Information supplied -
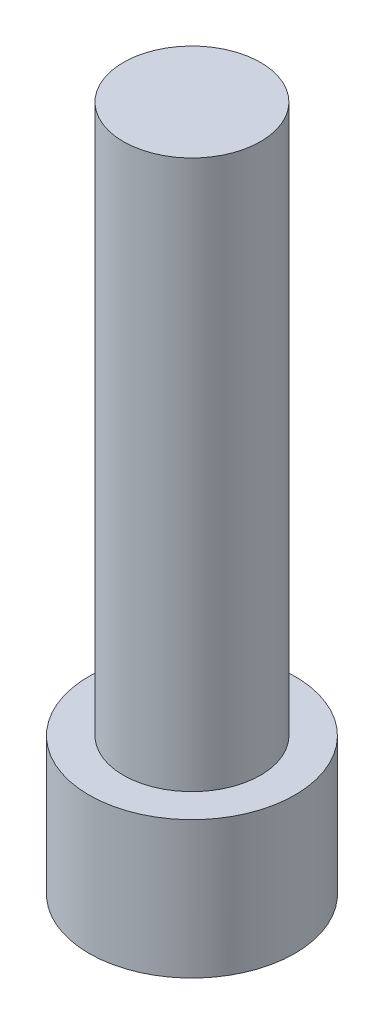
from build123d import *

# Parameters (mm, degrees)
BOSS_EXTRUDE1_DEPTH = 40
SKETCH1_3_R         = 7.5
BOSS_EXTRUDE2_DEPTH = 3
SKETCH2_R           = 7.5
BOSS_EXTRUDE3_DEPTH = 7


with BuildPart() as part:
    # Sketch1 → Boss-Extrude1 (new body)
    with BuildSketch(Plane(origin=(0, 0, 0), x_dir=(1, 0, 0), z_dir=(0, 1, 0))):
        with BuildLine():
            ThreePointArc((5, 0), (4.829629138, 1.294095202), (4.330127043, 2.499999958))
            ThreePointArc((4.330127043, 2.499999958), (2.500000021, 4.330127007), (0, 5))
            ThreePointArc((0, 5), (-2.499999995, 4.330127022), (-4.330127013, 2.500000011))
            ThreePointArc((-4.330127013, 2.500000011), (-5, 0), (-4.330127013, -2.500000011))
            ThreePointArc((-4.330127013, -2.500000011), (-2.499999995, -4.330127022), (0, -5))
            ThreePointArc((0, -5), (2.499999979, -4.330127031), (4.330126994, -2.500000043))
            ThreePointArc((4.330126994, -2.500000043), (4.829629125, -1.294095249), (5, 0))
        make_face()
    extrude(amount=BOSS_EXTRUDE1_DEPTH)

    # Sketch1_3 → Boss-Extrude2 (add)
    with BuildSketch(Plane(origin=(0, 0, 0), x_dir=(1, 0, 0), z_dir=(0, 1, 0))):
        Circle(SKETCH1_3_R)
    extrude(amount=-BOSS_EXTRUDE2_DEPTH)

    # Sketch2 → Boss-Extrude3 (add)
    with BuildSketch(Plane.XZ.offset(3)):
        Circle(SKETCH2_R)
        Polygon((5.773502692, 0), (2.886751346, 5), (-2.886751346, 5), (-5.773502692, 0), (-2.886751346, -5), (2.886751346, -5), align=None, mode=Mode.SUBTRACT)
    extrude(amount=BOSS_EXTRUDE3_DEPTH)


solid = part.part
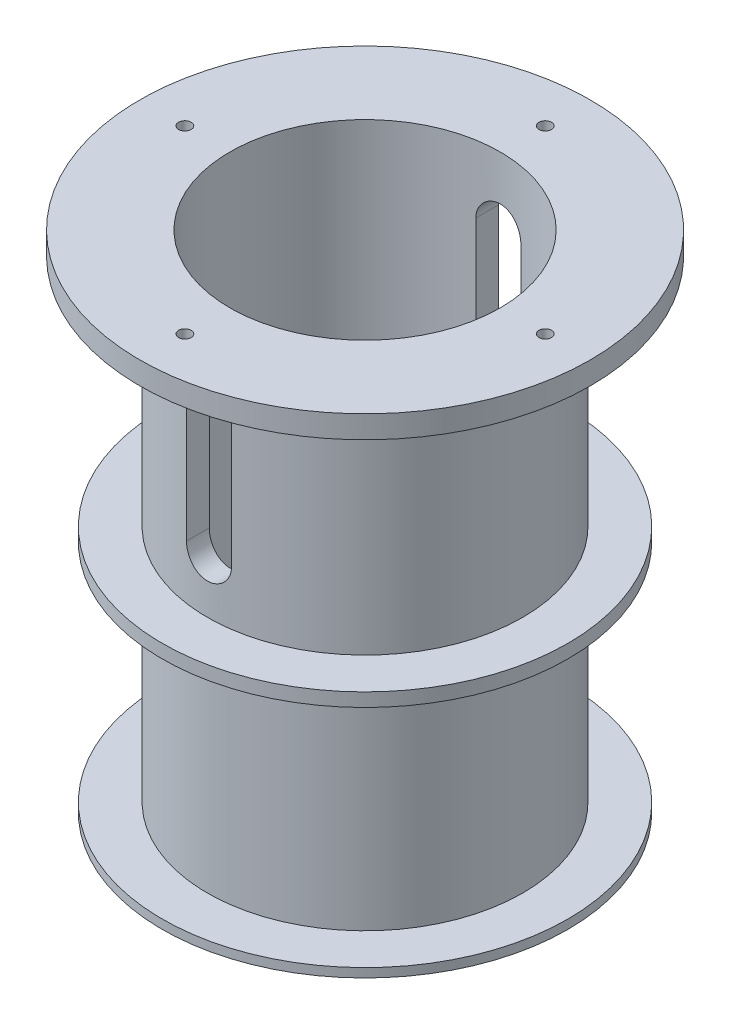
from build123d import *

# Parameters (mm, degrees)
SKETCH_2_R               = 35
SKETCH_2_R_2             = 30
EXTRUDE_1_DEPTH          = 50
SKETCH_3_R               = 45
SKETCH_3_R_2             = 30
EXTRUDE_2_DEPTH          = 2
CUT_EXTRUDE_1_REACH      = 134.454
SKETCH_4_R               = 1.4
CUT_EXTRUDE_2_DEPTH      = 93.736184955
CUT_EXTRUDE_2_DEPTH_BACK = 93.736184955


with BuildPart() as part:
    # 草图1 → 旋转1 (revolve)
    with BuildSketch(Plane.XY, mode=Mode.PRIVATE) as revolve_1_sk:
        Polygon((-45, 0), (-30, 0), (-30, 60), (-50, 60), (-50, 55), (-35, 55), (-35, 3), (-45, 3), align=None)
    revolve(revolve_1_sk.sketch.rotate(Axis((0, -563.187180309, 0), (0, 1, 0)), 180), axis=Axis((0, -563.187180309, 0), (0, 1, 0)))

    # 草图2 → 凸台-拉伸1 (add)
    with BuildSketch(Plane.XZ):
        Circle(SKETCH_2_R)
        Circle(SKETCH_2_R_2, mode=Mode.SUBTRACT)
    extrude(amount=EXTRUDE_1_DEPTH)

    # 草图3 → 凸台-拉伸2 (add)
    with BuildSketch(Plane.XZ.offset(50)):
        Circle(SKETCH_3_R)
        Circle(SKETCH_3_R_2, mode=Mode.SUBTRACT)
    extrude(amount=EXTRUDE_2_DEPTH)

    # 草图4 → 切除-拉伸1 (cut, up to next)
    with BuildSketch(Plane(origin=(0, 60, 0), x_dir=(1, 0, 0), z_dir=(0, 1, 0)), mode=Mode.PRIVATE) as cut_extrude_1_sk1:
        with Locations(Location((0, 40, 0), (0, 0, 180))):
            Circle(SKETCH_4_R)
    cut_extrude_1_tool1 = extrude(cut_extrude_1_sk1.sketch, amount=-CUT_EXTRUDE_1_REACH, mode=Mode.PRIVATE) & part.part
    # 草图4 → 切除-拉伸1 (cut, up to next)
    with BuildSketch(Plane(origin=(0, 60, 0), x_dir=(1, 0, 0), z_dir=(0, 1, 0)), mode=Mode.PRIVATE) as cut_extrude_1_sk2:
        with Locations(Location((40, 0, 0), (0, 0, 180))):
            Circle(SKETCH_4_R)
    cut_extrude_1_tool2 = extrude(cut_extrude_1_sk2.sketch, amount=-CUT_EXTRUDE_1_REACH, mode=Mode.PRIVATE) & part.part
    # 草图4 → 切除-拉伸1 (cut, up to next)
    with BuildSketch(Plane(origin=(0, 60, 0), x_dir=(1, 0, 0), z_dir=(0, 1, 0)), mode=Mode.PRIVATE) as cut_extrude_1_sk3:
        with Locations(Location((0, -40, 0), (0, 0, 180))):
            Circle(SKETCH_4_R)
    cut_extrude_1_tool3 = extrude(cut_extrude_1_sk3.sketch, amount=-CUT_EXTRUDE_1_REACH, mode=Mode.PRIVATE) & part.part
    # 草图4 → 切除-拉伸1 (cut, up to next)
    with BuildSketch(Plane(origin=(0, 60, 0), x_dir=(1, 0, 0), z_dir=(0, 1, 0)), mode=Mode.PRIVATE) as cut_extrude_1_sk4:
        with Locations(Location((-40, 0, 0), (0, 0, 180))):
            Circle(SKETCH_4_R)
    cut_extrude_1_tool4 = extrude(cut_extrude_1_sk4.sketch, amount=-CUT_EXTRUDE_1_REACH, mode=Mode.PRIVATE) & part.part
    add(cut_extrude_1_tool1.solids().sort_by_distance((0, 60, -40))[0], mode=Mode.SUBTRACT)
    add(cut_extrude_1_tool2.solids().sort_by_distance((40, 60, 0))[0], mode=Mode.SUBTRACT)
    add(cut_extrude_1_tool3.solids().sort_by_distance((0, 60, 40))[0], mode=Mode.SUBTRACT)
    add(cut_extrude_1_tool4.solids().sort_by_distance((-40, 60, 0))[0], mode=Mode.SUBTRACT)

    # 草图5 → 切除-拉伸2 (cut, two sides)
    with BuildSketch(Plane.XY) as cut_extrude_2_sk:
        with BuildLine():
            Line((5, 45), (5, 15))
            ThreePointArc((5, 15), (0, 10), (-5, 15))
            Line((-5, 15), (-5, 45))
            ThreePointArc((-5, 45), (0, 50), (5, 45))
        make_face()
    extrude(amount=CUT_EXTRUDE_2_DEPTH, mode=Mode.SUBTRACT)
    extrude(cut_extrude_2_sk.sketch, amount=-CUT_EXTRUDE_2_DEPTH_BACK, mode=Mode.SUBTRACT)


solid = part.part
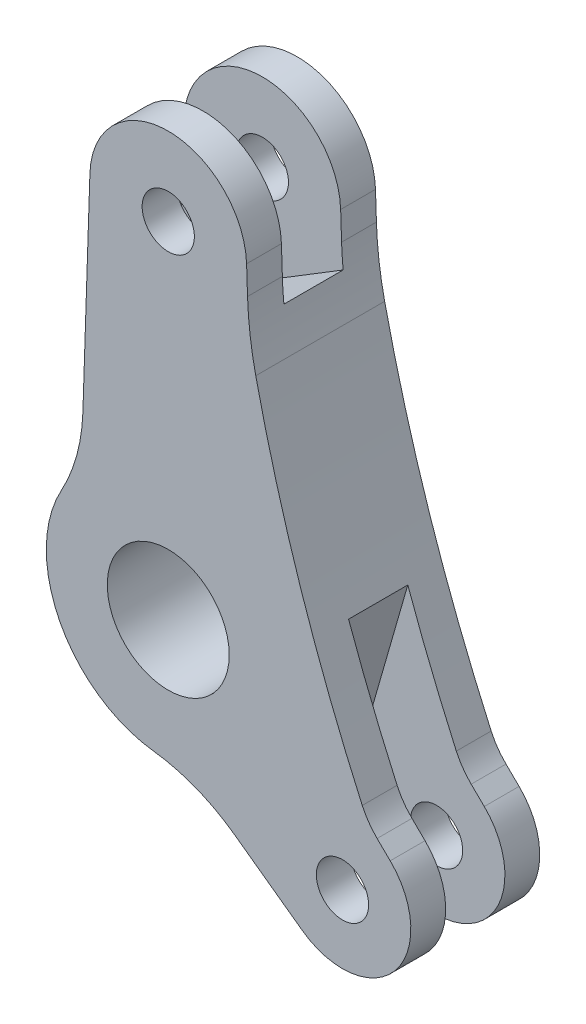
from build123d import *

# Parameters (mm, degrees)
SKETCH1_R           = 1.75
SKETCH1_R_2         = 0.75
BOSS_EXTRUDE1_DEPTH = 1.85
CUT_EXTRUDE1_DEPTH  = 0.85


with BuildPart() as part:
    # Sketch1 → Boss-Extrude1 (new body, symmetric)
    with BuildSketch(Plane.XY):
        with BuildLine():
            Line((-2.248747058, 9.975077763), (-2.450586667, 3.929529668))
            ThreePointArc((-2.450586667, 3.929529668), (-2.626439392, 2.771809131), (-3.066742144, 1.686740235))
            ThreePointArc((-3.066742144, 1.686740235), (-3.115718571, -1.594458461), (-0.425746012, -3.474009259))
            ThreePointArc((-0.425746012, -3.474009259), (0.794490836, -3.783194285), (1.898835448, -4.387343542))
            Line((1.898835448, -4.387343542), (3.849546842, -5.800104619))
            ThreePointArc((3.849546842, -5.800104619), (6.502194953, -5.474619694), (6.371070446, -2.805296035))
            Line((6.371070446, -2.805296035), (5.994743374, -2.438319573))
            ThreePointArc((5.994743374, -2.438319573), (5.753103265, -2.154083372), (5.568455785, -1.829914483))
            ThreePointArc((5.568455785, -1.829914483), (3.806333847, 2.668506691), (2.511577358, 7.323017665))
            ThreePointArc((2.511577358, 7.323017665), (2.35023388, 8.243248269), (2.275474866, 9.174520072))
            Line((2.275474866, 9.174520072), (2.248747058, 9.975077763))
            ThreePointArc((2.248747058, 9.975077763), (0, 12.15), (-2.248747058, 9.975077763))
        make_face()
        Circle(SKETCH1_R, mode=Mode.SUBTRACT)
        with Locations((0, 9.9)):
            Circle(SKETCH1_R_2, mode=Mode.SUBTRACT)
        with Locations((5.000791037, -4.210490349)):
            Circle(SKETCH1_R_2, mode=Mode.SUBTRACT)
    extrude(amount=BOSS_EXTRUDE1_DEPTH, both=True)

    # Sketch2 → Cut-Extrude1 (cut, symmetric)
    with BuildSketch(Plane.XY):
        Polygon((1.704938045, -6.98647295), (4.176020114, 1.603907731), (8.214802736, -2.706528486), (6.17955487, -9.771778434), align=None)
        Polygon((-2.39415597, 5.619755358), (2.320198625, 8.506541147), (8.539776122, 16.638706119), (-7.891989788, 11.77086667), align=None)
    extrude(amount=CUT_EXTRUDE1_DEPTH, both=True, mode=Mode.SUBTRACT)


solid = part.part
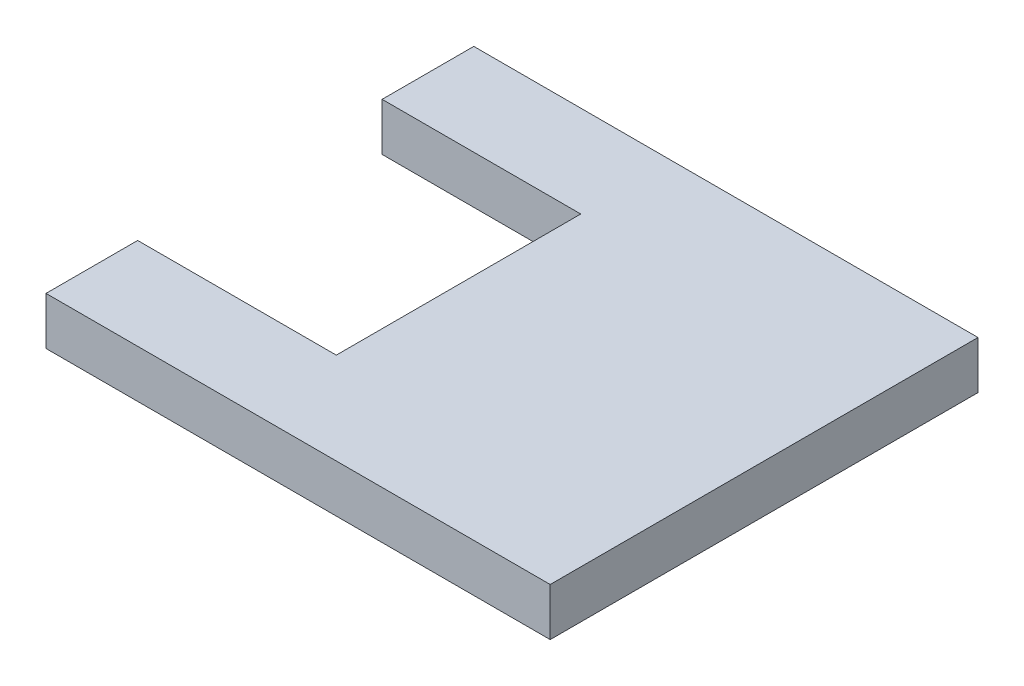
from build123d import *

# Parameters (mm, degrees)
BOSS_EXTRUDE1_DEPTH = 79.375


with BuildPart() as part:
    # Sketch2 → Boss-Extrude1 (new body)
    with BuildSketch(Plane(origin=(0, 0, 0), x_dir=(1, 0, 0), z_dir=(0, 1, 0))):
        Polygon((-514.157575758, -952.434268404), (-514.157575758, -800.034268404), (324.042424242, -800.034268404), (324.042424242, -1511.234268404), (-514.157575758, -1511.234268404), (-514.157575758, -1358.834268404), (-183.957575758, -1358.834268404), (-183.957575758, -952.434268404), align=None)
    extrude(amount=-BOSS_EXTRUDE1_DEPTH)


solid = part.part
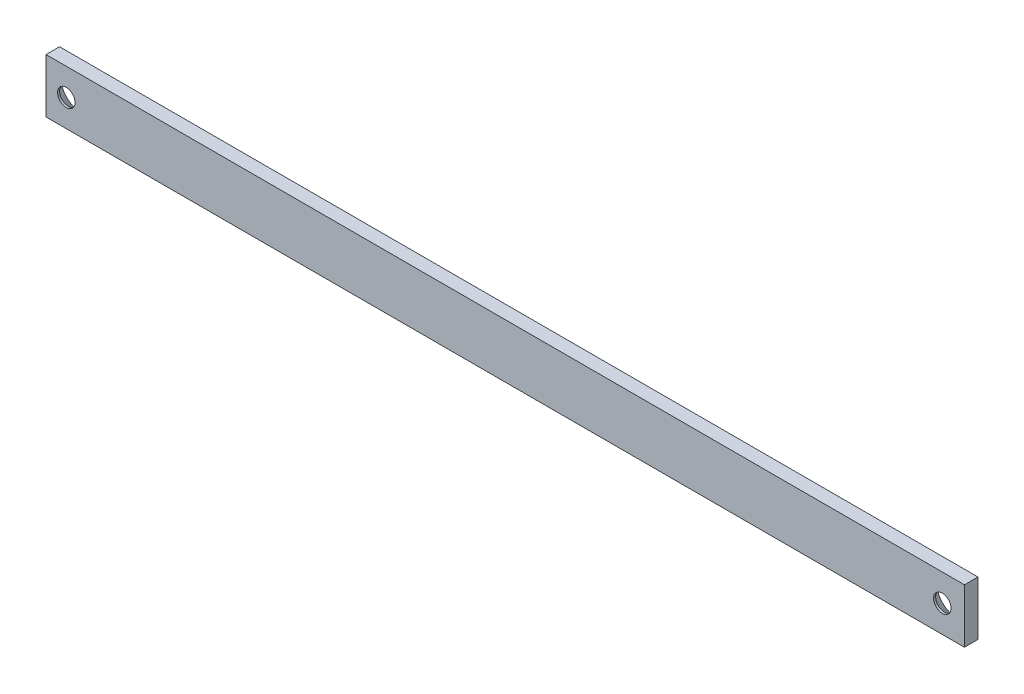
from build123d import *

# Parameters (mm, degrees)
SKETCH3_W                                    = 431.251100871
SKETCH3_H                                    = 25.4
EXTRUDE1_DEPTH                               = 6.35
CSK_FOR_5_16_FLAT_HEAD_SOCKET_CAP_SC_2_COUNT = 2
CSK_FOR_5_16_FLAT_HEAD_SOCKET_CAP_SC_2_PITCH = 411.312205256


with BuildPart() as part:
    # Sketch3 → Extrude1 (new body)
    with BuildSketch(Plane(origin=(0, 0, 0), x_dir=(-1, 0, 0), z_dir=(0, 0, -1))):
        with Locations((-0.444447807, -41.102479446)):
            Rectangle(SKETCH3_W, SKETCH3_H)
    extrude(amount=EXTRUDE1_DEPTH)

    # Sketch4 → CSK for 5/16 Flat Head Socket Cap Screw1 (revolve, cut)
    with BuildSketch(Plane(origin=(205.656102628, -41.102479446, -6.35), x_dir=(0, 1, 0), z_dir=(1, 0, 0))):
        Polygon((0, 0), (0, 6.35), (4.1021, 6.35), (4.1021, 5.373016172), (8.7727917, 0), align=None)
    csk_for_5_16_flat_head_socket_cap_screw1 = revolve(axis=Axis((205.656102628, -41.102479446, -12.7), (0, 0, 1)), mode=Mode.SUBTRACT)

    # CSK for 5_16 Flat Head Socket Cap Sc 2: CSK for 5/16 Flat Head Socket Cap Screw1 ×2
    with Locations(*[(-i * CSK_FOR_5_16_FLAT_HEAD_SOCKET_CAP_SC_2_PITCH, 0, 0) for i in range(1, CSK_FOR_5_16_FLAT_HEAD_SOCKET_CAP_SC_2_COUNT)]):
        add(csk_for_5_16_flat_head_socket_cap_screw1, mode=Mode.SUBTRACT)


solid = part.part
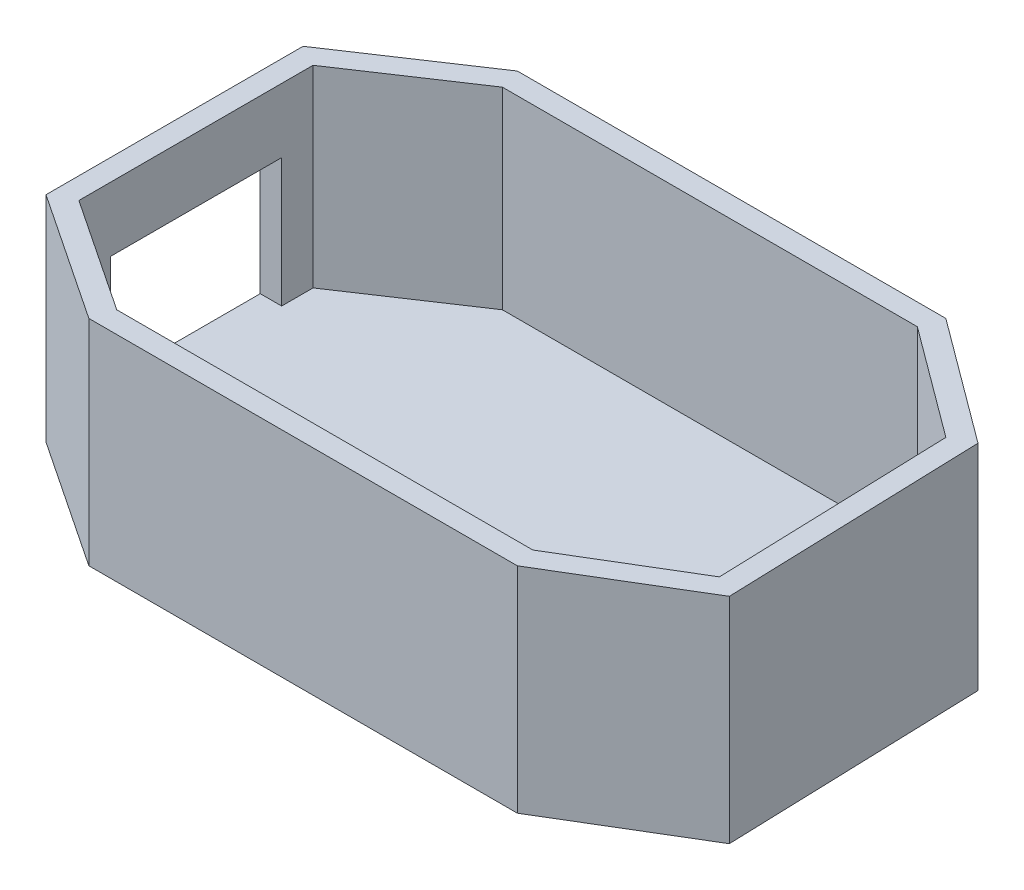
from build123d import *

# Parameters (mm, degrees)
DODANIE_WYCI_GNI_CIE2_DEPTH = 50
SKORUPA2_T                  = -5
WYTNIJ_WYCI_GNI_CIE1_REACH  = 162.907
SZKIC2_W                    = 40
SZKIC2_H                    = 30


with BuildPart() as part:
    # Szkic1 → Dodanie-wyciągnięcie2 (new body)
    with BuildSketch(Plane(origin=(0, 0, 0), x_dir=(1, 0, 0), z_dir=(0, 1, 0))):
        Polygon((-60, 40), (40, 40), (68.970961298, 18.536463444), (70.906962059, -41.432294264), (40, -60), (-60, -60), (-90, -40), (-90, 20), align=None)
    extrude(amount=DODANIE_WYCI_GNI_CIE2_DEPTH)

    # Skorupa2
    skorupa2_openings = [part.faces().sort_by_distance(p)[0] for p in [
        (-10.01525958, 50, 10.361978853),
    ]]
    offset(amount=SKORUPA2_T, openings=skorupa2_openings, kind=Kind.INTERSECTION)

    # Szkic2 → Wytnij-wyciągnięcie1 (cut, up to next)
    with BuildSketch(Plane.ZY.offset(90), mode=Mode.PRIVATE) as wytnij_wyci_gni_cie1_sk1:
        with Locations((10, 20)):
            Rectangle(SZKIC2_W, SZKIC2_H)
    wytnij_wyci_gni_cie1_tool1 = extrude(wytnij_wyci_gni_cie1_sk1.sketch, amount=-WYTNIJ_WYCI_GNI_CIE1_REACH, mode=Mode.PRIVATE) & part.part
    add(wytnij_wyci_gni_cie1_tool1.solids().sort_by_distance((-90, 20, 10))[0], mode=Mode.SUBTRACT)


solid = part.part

What you need to do - Restate the data word for word from its first line through the line with "Circle(SKETCH2_R)", leaving out any picture along the way.

Expected answer -
from build123d import *

# Parameters (mm, degrees)
BOSS_EXTRUDE1_DEPTH = 40
SKETCH1_3_R         = 7.5
BOSS_EXTRUDE2_DEPTH = 3
SKETCH2_R           = 7.5
BOSS_EXTRUDE3_DEPTH = 7


with BuildPart() as part:
    # Sketch1 → Boss-Extrude1 (new body)
    with BuildSketch(Plane(origin=(0, 0, 0), x_dir=(1, 0, 0), z_dir=(0, 1, 0))):
        with BuildLine():
            ThreePointArc((5, 0), (4.829629138, 1.294095202), (4.330127043, 2.499999958))
            ThreePointArc((4.330127043, 2.499999958), (2.500000021, 4.330127007), (0, 5))
            ThreePointArc((0, 5), (-2.499999995, 4.330127022), (-4.330127013, 2.500000011))
            ThreePointArc((-4.330127013, 2.500000011), (-5, 0), (-4.330127013, -2.500000011))
            ThreePointArc((-4.330127013, -2.500000011), (-2.499999995, -4.330127022), (0, -5))
            ThreePointArc((0, -5), (2.499999979, -4.330127031), (4.330126994, -2.500000043))
            ThreePointArc((4.330126994, -2.500000043), (4.829629125, -1.294095249), (5, 0))
        make_face()
    extrude(amount=BOSS_EXTRUDE1_DEPTH)

    # Sketch1_3 → Boss-Extrude2 (add)
    with BuildSketch(Plane(origin=(0, 0, 0), x_dir=(1, 0, 0), z_dir=(0, 1, 0))):
        Circle(SKETCH1_3_R)
    extrude(amount=-BOSS_EXTRUDE2_DEPTH)

    # Sketch2 → Boss-Extrude3 (add)
    with BuildSketch(Plane.XZ.offset(3)):
        Circle(SKETCH2_R)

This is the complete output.